Question

How do you find the derivative of \[s=t\sin t\]?

Answer 1

Hint: Consider ‘s’ in the L.H.S as a function of t and differentiate both the sides with respect to the variable t. Consider ‘s’ as the product of an algebraic function and a trigonometric function. Now, apply the product rule of differentiation given as: - \[\dfrac{d\left( u\times v \right)}{dt}=u\dfrac{dv}{dt}+v\dfrac{du}{dt}\]. Here, consider, u = t and \[v=\sin t\]. Use the formula: - \[\dfrac{d\sin t}{dt}=\cos t\] to simplify the derivative and get the answer.

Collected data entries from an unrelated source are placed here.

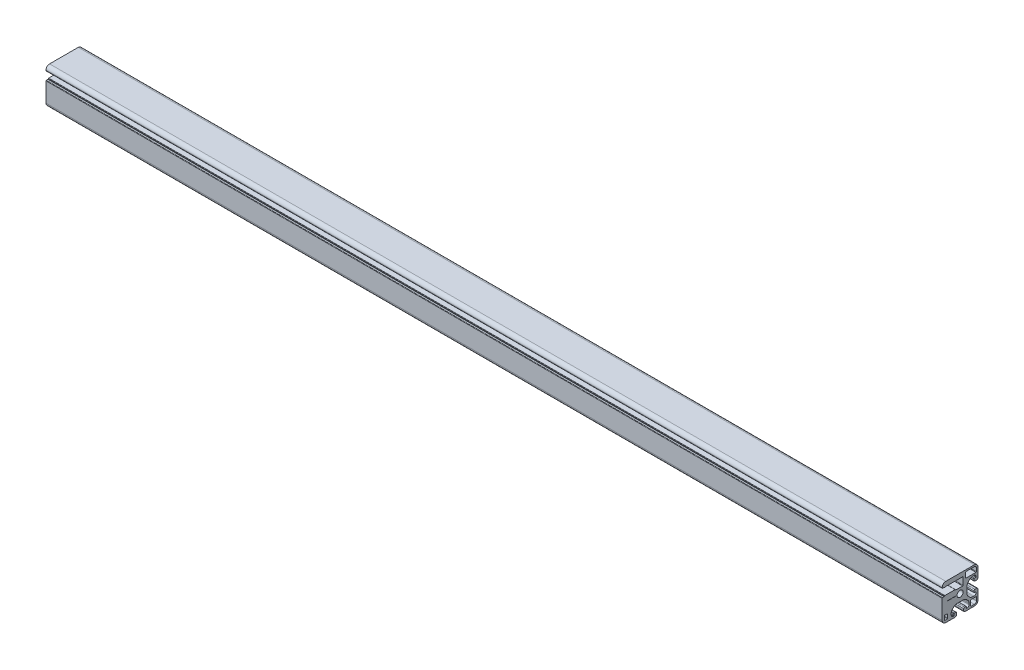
ISO-10303-21;
HEADER;
FILE_DESCRIPTION(('STEP AP214'),'2;1');
FILE_NAME('part.step','',(''),(''),'','','');
FILE_SCHEMA(('AUTOMOTIVE_DESIGN { 1 0 10303 214 1 1 1 1 }'));
ENDSEC;
DATA;
#1=APPLICATION_CONTEXT('core data for automotive mechanical design processes');
#2=APPLICATION_PROTOCOL_DEFINITION('international standard','automotive_design',2000,#1);
#3=PRODUCT_CONTEXT('',#1,'mechanical');
#4=PRODUCT('Part','Part','',(#3));
#5=PRODUCT_RELATED_PRODUCT_CATEGORY('part','',(#4));
#6=PRODUCT_DEFINITION_FORMATION('','',#4);
#7=PRODUCT_DEFINITION_CONTEXT('part definition',#1,'design');
#8=PRODUCT_DEFINITION('design','',#6,#7);
#9=PRODUCT_DEFINITION_SHAPE('','',#8);
#10=(LENGTH_UNIT() NAMED_UNIT(*) SI_UNIT(.MILLI.,.METRE.));
#11=(NAMED_UNIT(*) PLANE_ANGLE_UNIT() SI_UNIT($,.RADIAN.));
#12=(NAMED_UNIT(*) SI_UNIT($,.STERADIAN.) SOLID_ANGLE_UNIT());
#13=UNCERTAINTY_MEASURE_WITH_UNIT(LENGTH_MEASURE(1.E-05),#10,'distance_accuracy_value','');
#14=(GEOMETRIC_REPRESENTATION_CONTEXT(3) GLOBAL_UNCERTAINTY_ASSIGNED_CONTEXT((#13)) GLOBAL_UNIT_ASSIGNED_CONTEXT((#10,
#11,#12)) REPRESENTATION_CONTEXT('',''));
#15=CARTESIAN_POINT('',(0.,0.,0.));
#16=DIRECTION('',(0.,0.,1.));
#17=DIRECTION('',(1.,0.,0.));
#18=AXIS2_PLACEMENT_3D('',#15,#16,#17);
#19=CARTESIAN_POINT('',(1000.,-12.73087803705,3.55227627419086));
#20=DIRECTION('',(-1.,0.,0.));
#21=DIRECTION('',(0.,0.,1.));
#22=AXIS2_PLACEMENT_3D('',#19,#20,#21);
#23=CYLINDRICAL_SURFACE('',#22,4.992501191);
#24=CARTESIAN_POINT('',(0.,-12.73087803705,3.55227627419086));
#25=DIRECTION('',(-1.,0.,0.));
#26=DIRECTION('',(0.,0.,-1.));
#27=AXIS2_PLACEMENT_3D('',#24,#25,#26);
#28=CIRCLE('',#27,4.992501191);
#29=CARTESIAN_POINT('',(0.,-9.20064658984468,7.08250772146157));
#30=VERTEX_POINT('',#29);
#31=CARTESIAN_POINT('',(0.,-7.73837684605,3.55227627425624));
#32=VERTEX_POINT('',#31);
#33=EDGE_CURVE('E1212',#30,#32,#28,.T.);
#34=ORIENTED_EDGE('',*,*,#33,.T.);
#35=DIRECTION('',(-1.,0.,0.));
#36=VECTOR('',#35,1.);
#37=CARTESIAN_POINT('',(1000.,-7.73837684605,3.55227627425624));
#38=LINE('',#37,#36);
#39=CARTESIAN_POINT('',(1000.,-7.73837684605,3.55227627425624));
#40=VERTEX_POINT('',#39);
#41=EDGE_CURVE('E12',#40,#32,#38,.T.);
#42=ORIENTED_EDGE('',*,*,#41,.F.);
#43=CARTESIAN_POINT('',(1000.,-12.73087803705,3.55227627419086));
#44=DIRECTION('',(-1.,0.,0.));
#45=DIRECTION('',(0.,0.,-1.));
#46=AXIS2_PLACEMENT_3D('',#43,#44,#45);
#47=CIRCLE('',#46,4.992501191);
#48=CARTESIAN_POINT('',(1000.,-9.20064658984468,7.08250772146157));
#49=VERTEX_POINT('',#48);
#50=EDGE_CURVE('E1834',#49,#40,#47,.T.);
#51=ORIENTED_EDGE('',*,*,#50,.F.);
#52=DIRECTION('',(-1.,0.,0.));
#53=VECTOR('',#52,1.);
#54=CARTESIAN_POINT('',(1000.,-9.20064658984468,7.08250772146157));
#55=LINE('',#54,#53);
#56=EDGE_CURVE('E1407',#49,#30,#55,.T.);
#57=ORIENTED_EDGE('',*,*,#56,.T.);
#58=EDGE_LOOP('',(#34,#42,#51,#57));
#59=FACE_BOUND('',#58,.T.);
#60=ADVANCED_FACE('F335',(#59),#23,.F.);
#61=CARTESIAN_POINT('',(1000.,-7.73837684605,3.55227627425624));
#62=DIRECTION('',(0.,1.,0.));
#63=DIRECTION('',(0.,0.,1.));
#64=AXIS2_PLACEMENT_3D('',#61,#62,#63);
#65=PLANE('',#64);
#66=DIRECTION('',(0.,0.,-1.));
#67=VECTOR('',#66,1.);
#68=CARTESIAN_POINT('',(0.,-7.73837684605,3.55227627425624));
#69=LINE('',#68,#67);
#70=CARTESIAN_POINT('',(0.,-7.73837684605,-3.55227627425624));
#71=VERTEX_POINT('',#70);
#72=EDGE_CURVE('E1215',#32,#71,#69,.T.);
#73=ORIENTED_EDGE('',*,*,#72,.T.);
#74=DIRECTION('',(-1.,0.,0.));
#75=VECTOR('',#74,1.);
#76=CARTESIAN_POINT('',(1000.,-7.73837684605,-3.55227627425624));
#77=LINE('',#76,#75);
#78=CARTESIAN_POINT('',(1000.,-7.73837684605,-3.55227627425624));
#79=VERTEX_POINT('',#78);
#80=EDGE_CURVE('E345',#79,#71,#77,.T.);
#81=ORIENTED_EDGE('',*,*,#80,.F.);
#82=DIRECTION('',(0.,0.,-1.));
#83=VECTOR('',#82,1.);
#84=CARTESIAN_POINT('',(1000.,-7.73837684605,3.55227627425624));
#85=LINE('',#84,#83);
#86=EDGE_CURVE('E1836',#40,#79,#85,.T.);
#87=ORIENTED_EDGE('',*,*,#86,.F.);
#88=ORIENTED_EDGE('',*,*,#41,.T.);
#89=EDGE_LOOP('',(#73,#81,#87,#88));
#90=FACE_BOUND('',#89,.T.);
#91=ADVANCED_FACE('F2052',(#90),#65,.F.);
#92=CARTESIAN_POINT('',(1000.,-12.73087803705,-3.55227627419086));
#93=DIRECTION('',(-1.,0.,0.));
#94=DIRECTION('',(0.,0.,1.));
#95=AXIS2_PLACEMENT_3D('',#92,#93,#94);
#96=CYLINDRICAL_SURFACE('',#95,4.992501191);
#97=CARTESIAN_POINT('',(0.,-12.73087803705,-3.55227627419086));
#98=DIRECTION('',(-1.,0.,0.));
#99=DIRECTION('',(0.,0.,-1.));
#100=AXIS2_PLACEMENT_3D('',#97,#98,#99);
#101=CIRCLE('',#100,4.992501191);
#102=CARTESIAN_POINT('',(0.,-9.20064658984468,-7.08250772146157));
#103=VERTEX_POINT('',#102);
#104=EDGE_CURVE('E1217',#71,#103,#101,.T.);
#105=ORIENTED_EDGE('',*,*,#104,.T.);
#106=DIRECTION('',(-1.,0.,0.));
#107=VECTOR('',#106,1.);
#108=CARTESIAN_POINT('',(1000.,-9.20064658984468,-7.08250772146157));
#109=LINE('',#108,#107);
#110=CARTESIAN_POINT('',(1000.,-9.20064658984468,-7.08250772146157));
#111=VERTEX_POINT('',#110);
#112=EDGE_CURVE('E1685',#111,#103,#109,.T.);
#113=ORIENTED_EDGE('',*,*,#112,.F.);
#114=CARTESIAN_POINT('',(1000.,-12.73087803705,-3.55227627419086));
#115=DIRECTION('',(-1.,0.,0.));
#116=DIRECTION('',(0.,0.,-1.));
#117=AXIS2_PLACEMENT_3D('',#114,#115,#116);
#118=CIRCLE('',#117,4.992501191);
#119=EDGE_CURVE('E1838',#79,#111,#118,.T.);
#120=ORIENTED_EDGE('',*,*,#119,.F.);
#121=ORIENTED_EDGE('',*,*,#80,.T.);
#122=EDGE_LOOP('',(#105,#113,#120,#121));
#123=FACE_BOUND('',#122,.T.);
#124=ADVANCED_FACE('F2057',(#123),#96,.F.);
#125=CARTESIAN_POINT('',(1000.,-9.20064658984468,-7.08250772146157));
#126=DIRECTION('',(0.,0.707106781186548,-0.707106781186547));
#127=DIRECTION('',(0.,0.707106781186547,0.707106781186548));
#128=AXIS2_PLACEMENT_3D('',#125,#126,#127);
#129=PLANE('',#128);
#130=DIRECTION('',(0.,-0.707106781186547,-0.707106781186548));
#131=VECTOR('',#130,1.);
#132=CARTESIAN_POINT('',(0.,-9.20064658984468,-7.08250772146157));
#133=LINE('',#132,#131);
#134=CARTESIAN_POINT('',(0.,-10.6408715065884,-8.52273263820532));
#135=VERTEX_POINT('',#134);
#136=EDGE_CURVE('E1219',#103,#135,#133,.T.);
#137=ORIENTED_EDGE('',*,*,#136,.T.);
#138=DIRECTION('',(-1.,0.,0.));
#139=VECTOR('',#138,1.);
#140=CARTESIAN_POINT('',(1000.,-10.6408715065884,-8.52273263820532));
#141=LINE('',#140,#139);
#142=CARTESIAN_POINT('',(1000.,-10.6408715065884,-8.52273263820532));
#143=VERTEX_POINT('',#142);
#144=EDGE_CURVE('E1682',#143,#135,#141,.T.);
#145=ORIENTED_EDGE('',*,*,#144,.F.);
#146=DIRECTION('',(0.,-0.707106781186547,-0.707106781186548));
#147=VECTOR('',#146,1.);
#148=CARTESIAN_POINT('',(1000.,-9.20064658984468,-7.08250772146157));
#149=LINE('',#148,#147);
#150=EDGE_CURVE('E1840',#111,#143,#149,.T.);
#151=ORIENTED_EDGE('',*,*,#150,.F.);
#152=ORIENTED_EDGE('',*,*,#112,.T.);
#153=EDGE_LOOP('',(#137,#145,#151,#152));
#154=FACE_BOUND('',#153,.T.);
#155=ADVANCED_FACE('F2948',(#154),#129,.F.);
#156=CARTESIAN_POINT('',(1000.,-14.1711029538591,-4.992501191));
#157=DIRECTION('',(-1.,0.,0.));
#158=DIRECTION('',(0.,0.,1.));
#159=AXIS2_PLACEMENT_3D('',#156,#157,#158);
#160=CYLINDRICAL_SURFACE('',#159,4.992501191);
#161=CARTESIAN_POINT('',(0.,-14.1711029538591,-4.992501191));
#162=DIRECTION('',(-1.,0.,0.));
#163=DIRECTION('',(0.,0.,-1.));
#164=AXIS2_PLACEMENT_3D('',#161,#162,#163);
#165=CIRCLE('',#164,4.992501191);
#166=CARTESIAN_POINT('',(0.,-14.1711029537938,-9.985002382));
#167=VERTEX_POINT('',#166);
#168=EDGE_CURVE('E1221',#135,#167,#165,.T.);
#169=ORIENTED_EDGE('',*,*,#168,.T.);
#170=DIRECTION('',(-1.,0.,0.));
#171=VECTOR('',#170,1.);
#172=CARTESIAN_POINT('',(1000.,-14.1711029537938,-9.985002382));
#173=LINE('',#172,#171);
#174=CARTESIAN_POINT('',(1000.,-14.1711029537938,-9.985002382));
#175=VERTEX_POINT('',#174);
#176=EDGE_CURVE('E1679',#175,#167,#173,.T.);
#177=ORIENTED_EDGE('',*,*,#176,.F.);
#178=CARTESIAN_POINT('',(1000.,-14.1711029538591,-4.992501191));
#179=DIRECTION('',(-1.,0.,0.));
#180=DIRECTION('',(0.,0.,-1.));
#181=AXIS2_PLACEMENT_3D('',#178,#179,#180);
#182=CIRCLE('',#181,4.992501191);
#183=EDGE_CURVE('E1842',#143,#175,#182,.T.);
#184=ORIENTED_EDGE('',*,*,#183,.F.);
#185=ORIENTED_EDGE('',*,*,#144,.T.);
#186=EDGE_LOOP('',(#169,#177,#184,#185));
#187=FACE_BOUND('',#186,.T.);
#188=ADVANCED_FACE('F2940',(#187),#160,.F.);
#189=CARTESIAN_POINT('',(1000.,-14.1711029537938,-9.985002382));
#190=DIRECTION('',(0.,0.,-1.));
#191=DIRECTION('',(-1.,0.,0.));
#192=AXIS2_PLACEMENT_3D('',#189,#190,#191);
#193=PLANE('',#192);
#194=DIRECTION('',(0.,-1.,0.));
#195=VECTOR('',#194,1.);
#196=CARTESIAN_POINT('',(0.,-14.1711029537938,-9.985002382));
#197=LINE('',#196,#195);
#198=CARTESIAN_POINT('',(0.,-15.4767536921,-9.985002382));
#199=VERTEX_POINT('',#198);
#200=EDGE_CURVE('E1223',#167,#199,#197,.T.);
#201=ORIENTED_EDGE('',*,*,#200,.T.);
#202=DIRECTION('',(-1.,0.,0.));
#203=VECTOR('',#202,1.);
#204=CARTESIAN_POINT('',(1000.,-15.4767536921,-9.985002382));
#205=LINE('',#204,#203);
#206=CARTESIAN_POINT('',(1000.,-15.4767536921,-9.985002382));
#207=VERTEX_POINT('',#206);
#208=EDGE_CURVE('E1676',#207,#199,#205,.T.);
#209=ORIENTED_EDGE('',*,*,#208,.F.);
#210=DIRECTION('',(0.,-1.,0.));
#211=VECTOR('',#210,1.);
#212=CARTESIAN_POINT('',(1000.,-14.1711029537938,-9.985002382));
#213=LINE('',#212,#211);
#214=EDGE_CURVE('E1844',#175,#207,#213,.T.);
#215=ORIENTED_EDGE('',*,*,#214,.F.);
#216=ORIENTED_EDGE('',*,*,#176,.T.);
#217=EDGE_LOOP('',(#201,#209,#215,#216));
#218=FACE_BOUND('',#217,.T.);
#219=ADVANCED_FACE('F2932',(#218),#193,.F.);
#220=CARTESIAN_POINT('',(1000.,-15.4767536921,-7.4887517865));
#221=DIRECTION('',(-1.,0.,0.));
#222=DIRECTION('',(0.,0.,1.));
#223=AXIS2_PLACEMENT_3D('',#220,#221,#222);
#224=CYLINDRICAL_SURFACE('',#223,2.4962505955);
#225=CARTESIAN_POINT('',(0.,-15.4767536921,-7.4887517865));
#226=DIRECTION('',(-1.,0.,0.));
#227=DIRECTION('',(0.,0.,-1.));
#228=AXIS2_PLACEMENT_3D('',#225,#226,#227);
#229=CIRCLE('',#228,2.4962505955);
#230=CARTESIAN_POINT('',(0.,-17.9730042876,-7.4887517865));
#231=VERTEX_POINT('',#230);
#232=EDGE_CURVE('E1225',#199,#231,#229,.T.);
#233=ORIENTED_EDGE('',*,*,#232,.T.);
#234=DIRECTION('',(-1.,0.,0.));
#235=VECTOR('',#234,1.);
#236=CARTESIAN_POINT('',(1000.,-17.9730042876,-7.4887517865));
#237=LINE('',#236,#235);
#238=CARTESIAN_POINT('',(1000.,-17.9730042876,-7.4887517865));
#239=VERTEX_POINT('',#238);
#240=EDGE_CURVE('E1673',#239,#231,#237,.T.);
#241=ORIENTED_EDGE('',*,*,#240,.F.);
#242=CARTESIAN_POINT('',(1000.,-15.4767536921,-7.4887517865));
#243=DIRECTION('',(-1.,0.,0.));
#244=DIRECTION('',(0.,0.,-1.));
#245=AXIS2_PLACEMENT_3D('',#242,#243,#244);
#246=CIRCLE('',#245,2.4962505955);
#247=EDGE_CURVE('E1846',#207,#239,#246,.T.);
#248=ORIENTED_EDGE('',*,*,#247,.F.);
#249=ORIENTED_EDGE('',*,*,#208,.T.);
#250=EDGE_LOOP('',(#233,#241,#248,#249));
#251=FACE_BOUND('',#250,.T.);
#252=ADVANCED_FACE('F2924',(#251),#224,.F.);
#253=CARTESIAN_POINT('',(1000.,-17.4737541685,-7.4887517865));
#254=DIRECTION('',(-1.,0.,0.));
#255=DIRECTION('',(0.,0.,1.));
#256=AXIS2_PLACEMENT_3D('',#253,#254,#255);
#257=CYLINDRICAL_SURFACE('',#256,0.4992501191);
#258=CARTESIAN_POINT('',(0.,-17.4737541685,-7.4887517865));
#259=DIRECTION('',(-1.,0.,0.));
#260=DIRECTION('',(0.,0.,-1.));
#261=AXIS2_PLACEMENT_3D('',#258,#259,#260);
#262=CIRCLE('',#261,0.4992501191);
#263=CARTESIAN_POINT('',(0.,-17.4737541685,-6.9895016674));
#264=VERTEX_POINT('',#263);
#265=EDGE_CURVE('E1227',#231,#264,#262,.T.);
#266=ORIENTED_EDGE('',*,*,#265,.T.);
#267=DIRECTION('',(-1.,0.,0.));
#268=VECTOR('',#267,1.);
#269=CARTESIAN_POINT('',(1000.,-17.4737541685,-6.9895016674));
#270=LINE('',#269,#268);
#271=CARTESIAN_POINT('',(1000.,-17.4737541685,-6.9895016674));
#272=VERTEX_POINT('',#271);
#273=EDGE_CURVE('E1670',#272,#264,#270,.T.);
#274=ORIENTED_EDGE('',*,*,#273,.F.);
#275=CARTESIAN_POINT('',(1000.,-17.4737541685,-7.4887517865));
#276=DIRECTION('',(-1.,0.,0.));
#277=DIRECTION('',(0.,0.,-1.));
#278=AXIS2_PLACEMENT_3D('',#275,#276,#277);
#279=CIRCLE('',#278,0.4992501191);
#280=EDGE_CURVE('E1848',#239,#272,#279,.T.);
#281=ORIENTED_EDGE('',*,*,#280,.F.);
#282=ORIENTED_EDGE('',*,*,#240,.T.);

Complete step by step solution:
Here, we have been provided with the function \[s=t\sin t\] and we are asked to differentiate it. Here we are going to use the product rule of differentiation to get the answer.
\[\because s=t\sin t\]
Clearly, we can see that we have ‘s’ as a function of t. Now, we can assume the given function as the product of an algebraic function (t) and a trigonometric function \[\left( \sin t \right)\]. So, we have,
\[\Rightarrow s=t\times \sin t\]
Let us assume t as ‘u’ and \[\sin t\] as ‘v’. So, we have,
\[\Rightarrow s=u\times v\]
Differentiating both the sides with respect to t, we get,
\[\Rightarrow \dfrac{ds}{dt}=\dfrac{d\left( u\times v \right)}{dt}\]
Now, applying the product rule of differentiation given as: - \[\dfrac{d\left( u\times v \right)}{dt}=u\dfrac{dv}{dt}+v\dfrac{du}{dt}\], we get,
\[\Rightarrow \dfrac{ds}{dt}=\left[ u\dfrac{dv}{dt}+v\dfrac{du}{dt} \right]\]
Substituting the assumed values of u and v, we get,
\[\Rightarrow \dfrac{ds}{dt}=\left[ t\dfrac{d\sin t}{dt}+t\dfrac{dt}{dt} \right]\]
We know that \[\dfrac{d\sin t}{dt}=\cos t\], so we have,
\[\begin{align}
  & \Rightarrow \dfrac{ds}{dt}=\left[ t\cos t+\sin t\times 1 \right] \\
 & \Rightarrow \dfrac{ds}{dt}=\left( t\cos t+\sin t \right) \\
\end{align}\]
Hence, the above relation is our answer.

Note: One may note that whenever we are asked to differentiate a product of two or more functions we apply the product rule. You must remember all the basic rules and formulas of differentiation like: - the product rule, chain rule, \[\dfrac{u}{v}\] rule etc. as they are frequently used in both differential and integral calculus. Remember the derivatives of some common functions like: algebraic functions, trigonometric functions, logarithmic functions, exponential functions etc. as we may be asked to find the derivative of the product of any two of these listed functions.